On March 8, 2011, there was a meeting to discuss Ninigret Park wind turbines. Attendees were Charlie Vandemoer, Jeff Broadhead, Bill DiLibero, Tom Gentz, and Gregg Avedesian. There have been no reports from that meeting of any hostility or threats to "take Ninigret Park away from the town" at this meeting. As reported here (starting at the bottom of the first page), the  meeting was an amiable one talking about ways to minimize harm to birds and bats. The turbines were clearly shown to be on the town-owned 55 acres at this meeting.

A week later, the Town Council adopted a moratorium that effectively ended the Ninigret Park municipal wind turbine project.

The end (in much less than a year)

That's the story, as I see it.

Now we are told that DiLibero recklessly endangered the town's ownership of Ninigret Park and "hid documents for a year."

I don't see the reckless endangerment. It's clearly invented.

I don't see support for a claim of hidden documents.

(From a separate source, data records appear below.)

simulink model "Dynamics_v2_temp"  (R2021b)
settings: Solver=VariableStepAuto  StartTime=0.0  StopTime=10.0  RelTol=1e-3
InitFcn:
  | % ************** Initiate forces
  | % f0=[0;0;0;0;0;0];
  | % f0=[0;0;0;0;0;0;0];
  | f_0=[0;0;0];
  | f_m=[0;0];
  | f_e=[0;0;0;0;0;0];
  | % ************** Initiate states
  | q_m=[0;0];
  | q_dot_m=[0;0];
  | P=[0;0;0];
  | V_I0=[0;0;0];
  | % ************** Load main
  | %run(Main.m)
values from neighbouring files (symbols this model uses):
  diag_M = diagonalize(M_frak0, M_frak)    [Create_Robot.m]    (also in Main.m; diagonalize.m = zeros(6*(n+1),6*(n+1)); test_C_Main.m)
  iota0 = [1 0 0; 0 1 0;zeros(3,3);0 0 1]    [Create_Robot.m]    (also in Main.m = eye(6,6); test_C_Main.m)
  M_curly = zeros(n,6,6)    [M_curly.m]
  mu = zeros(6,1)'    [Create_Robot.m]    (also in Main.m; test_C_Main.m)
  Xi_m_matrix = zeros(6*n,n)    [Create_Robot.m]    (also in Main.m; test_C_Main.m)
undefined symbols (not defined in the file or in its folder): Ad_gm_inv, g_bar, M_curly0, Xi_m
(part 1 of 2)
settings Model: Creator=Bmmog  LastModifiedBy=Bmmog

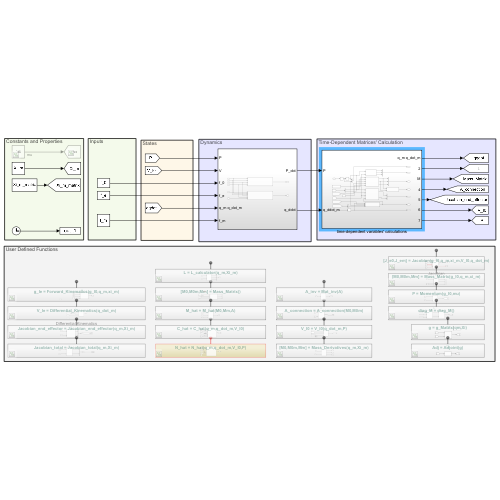
[thumbnail: Simulink's stored preview of the top-level diagram]
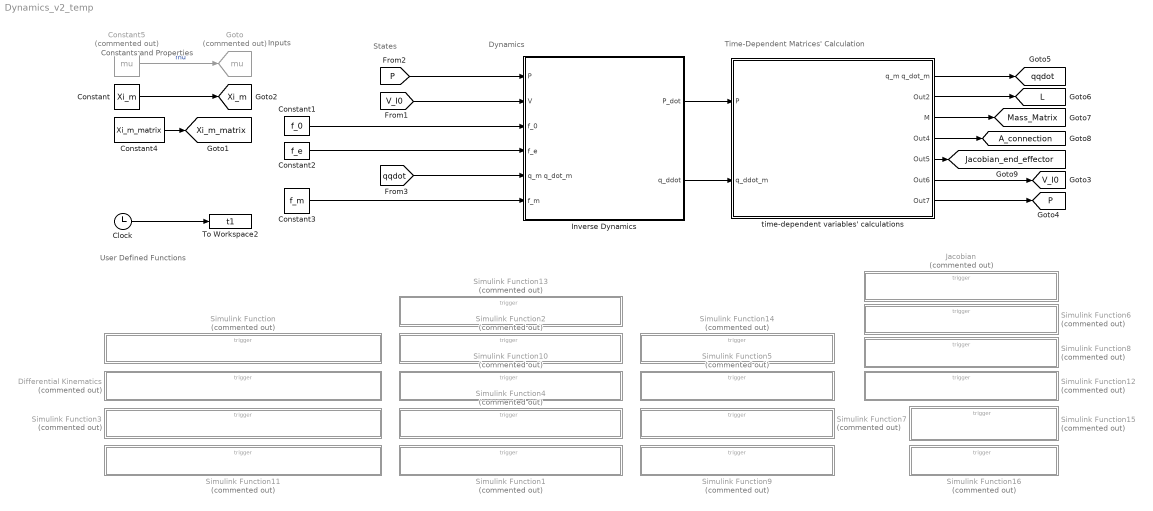
== system Dynamics_v2_temp ==
  note: Time-Dependent Matrices' Calculation
  note: States
  note: Inputs
  note: User Defined Functions
  note: Dynamics
  note: Constants and Properties
  Clock : Clock
  Constant : Constant  Value=Xi_m  VectorParams1D=off
  Constant1 : Constant  Value=f_0  VectorParams1D=off
  Constant2 : Constant  Value=f_e  VectorParams1D=off
  Constant3 : Constant  Value=f_m  VectorParams1D=off
  Constant4 : Constant  Value=Xi_m_matrix  VectorParams1D=off
  Constant5 : Constant  Commented=on  Value=mu
  Differential Kinematics : Subsystem  Commented=on  TreatAsAtomicUnit=on
  Goto : Goto  Commented=on  GotoTag=mu  TagVisibility=global
  Inverse Dynamics : Subsystem
  Jacobian : Subsystem  Commented=on  TreatAsAtomicUnit=on
  Simulink Function : Subsystem  Commented=on  TreatAsAtomicUnit=on
  Simulink Function1 : Subsystem  Commented=on  TreatAsAtomicUnit=on
  Simulink Function10 : Subsystem  Commented=on  TreatAsAtomicUnit=on
  Simulink Function11 : Subsystem  Commented=on  TreatAsAtomicUnit=on
  Simulink Function12 : Subsystem  Commented=on  TreatAsAtomicUnit=on
  Simulink Function13 : Subsystem  Commented=on  TreatAsAtomicUnit=on
  Simulink Function14 : Subsystem  Commented=on  TreatAsAtomicUnit=on
  Simulink Function15 : Subsystem  Commented=on  TreatAsAtomicUnit=on
  Simulink Function16 : Subsystem  Commented=on  TreatAsAtomicUnit=on
  Simulink Function2 : Subsystem  Commented=on  TreatAsAtomicUnit=on
  Simulink Function3 : Subsystem  Commented=on  TreatAsAtomicUnit=on
  Simulink Function4 : Subsystem  Commented=on  TreatAsAtomicUnit=on
  Simulink Function5 : Subsystem  Commented=on  TreatAsAtomicUnit=on
  Simulink Function6 : Subsystem  Commented=on  TreatAsAtomicUnit=on
  Simulink Function7 : Subsystem  Commented=on  TreatAsAtomicUnit=on
  Simulink Function8 : Subsystem  Commented=on  TreatAsAtomicUnit=on
  Simulink Function9 : Subsystem  Commented=on  TreatAsAtomicUnit=on
  To Workspace2 : ToWorkspace  VariableName=t1  SampleTime=-1
  time-dependent variables' calculations : Subsystem
  tag scope: A_connection=global, Jacobian_end_effector=global, L=global, Mass_Matrix=global, P=global, V_I0=global, Xi_m=global, Xi_m_matrix=global, qqdot=global
  wires:
  Constant5/1 -> Goto/1  "mu"
  Clock/1 -> To Workspace2/1
  Constant/1 -> [Xi_m]
  Constant4/1 -> [Xi_m_matrix]
  Constant1/1 -> Inverse Dynamics/3(f_0)
  Constant2/1 -> Inverse Dynamics/4(f_e)
  Constant3/1 -> Inverse Dynamics/6(f_m)
  [P] -> Inverse Dynamics/1(P)
  [V_I0] -> Inverse Dynamics/2(V)
  [qqdot] -> Inverse Dynamics/5(q_m q_dot_m)
  time-dependent variables' calculations/7(Out7) -> [P]
  time-dependent variables' calculations/6(Out6) -> [V_I0]
  time-dependent variables' calculations/5(Out5) -> [Jacobian_end_effector]
  time-dependent variables' calculations/4(Out4) -> [A_connection]
  time-dependent variables' calculations/3(M) -> [Mass_Matrix]
  time-dependent variables' calculations/2(Out2) -> [L]
  time-dependent variables' calculations/1(q_m q_dot_m) -> [qqdot]
  Inverse Dynamics/1(P_dot) -> time-dependent variables' calculations/1(P)
  Inverse Dynamics/2(q_ddot) -> time-dependent variables' calculations/2(q_ddot_m)

== system Dynamics_v2_temp/Differential Kinematics ==
  Differential_Kinematics : TriggerPort  TriggerType=function-call  IsSimulinkFunction=on  FunctionName=Differential_Kinematics  FunctionVisibility=scoped  VariantControl=(inherit)
  Demux : Demux  Outputs=2
  From2 : From  Commented=on  GotoTag=A_connection  TagVisibility=global
  MATLAB Function : MATLAB Function  TreatAsAtomicUnit=on
  q_dot_m : ArgIn  DisableCoverage=on  ArgumentName=q_dot_m
  V_Ie : ArgOut  DisableCoverage=on  ArgumentName=V_Ie
  wires:
  MATLAB Function/1(V_Ie) -> V_Ie/1
  q_dot_m/1 -> MATLAB Function/1(q_dot_m)
  Demux/1 -> MATLAB Function/2(J_e0)
  Demux/2 -> MATLAB Function/3(J_em)
  [Jacobian_end_effector] -> Demux/1
  [V_I0] -> MATLAB Function/4(V_I0)

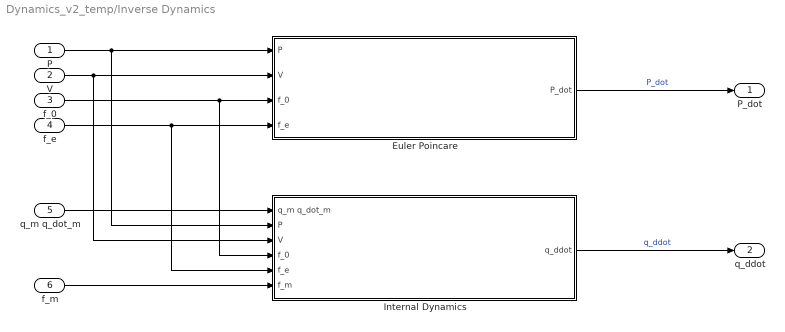
== system Dynamics_v2_temp/Inverse Dynamics ==
  P : Inport
  V : Inport  Port=2
  f_0 : Inport  Port=3
  f_e : Inport  Port=4
  q_m q_dot_m : Inport  Port=5
  f_m : Inport  Port=6
  Euler Poincare : Subsystem
  Internal Dynamics : Subsystem
  P_dot : Outport
  q_ddot : Outport  Port=2
  wires:
  f_0/1 -> Internal Dynamics/4(f_0), Euler Poincare/3(f_0)
  f_e/1 -> Internal Dynamics/5(f_e), Euler Poincare/4(f_e)
  f_m/1 -> Internal Dynamics/6(f_m)
  Internal Dynamics/1(q_ddot) -> q_ddot/1  "q_ddot"
  Euler Poincare/1(P_dot) -> P_dot/1  "P_dot"
  q_m q_dot_m/1 -> Internal Dynamics/1(q_m q_dot_m)
  P/1 -> Internal Dynamics/2(P), Euler Poincare/1(P)
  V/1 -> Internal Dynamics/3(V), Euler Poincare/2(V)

DiLibero suggested a location option that didn't work out and didn't realize every piece of paper he sees has to go to Slattery. After the notification from Elyse LaForest and follow-up discussion with Vandemoer, there was no further suggestion of using the property near the Refuge for wind turbines.

And if Gentz claims he knew nothing about all this I suspect it is a convenient loss of memory.

This is part of a campaign. Staff is being slapped down across the board. Commissions are being bypassed and neutered (see the first comment on that article). A Town Administrator not part of CCA must go. This is all about a consolidation of power, one that does nothing to benefit the vast majority of working and retired families in town.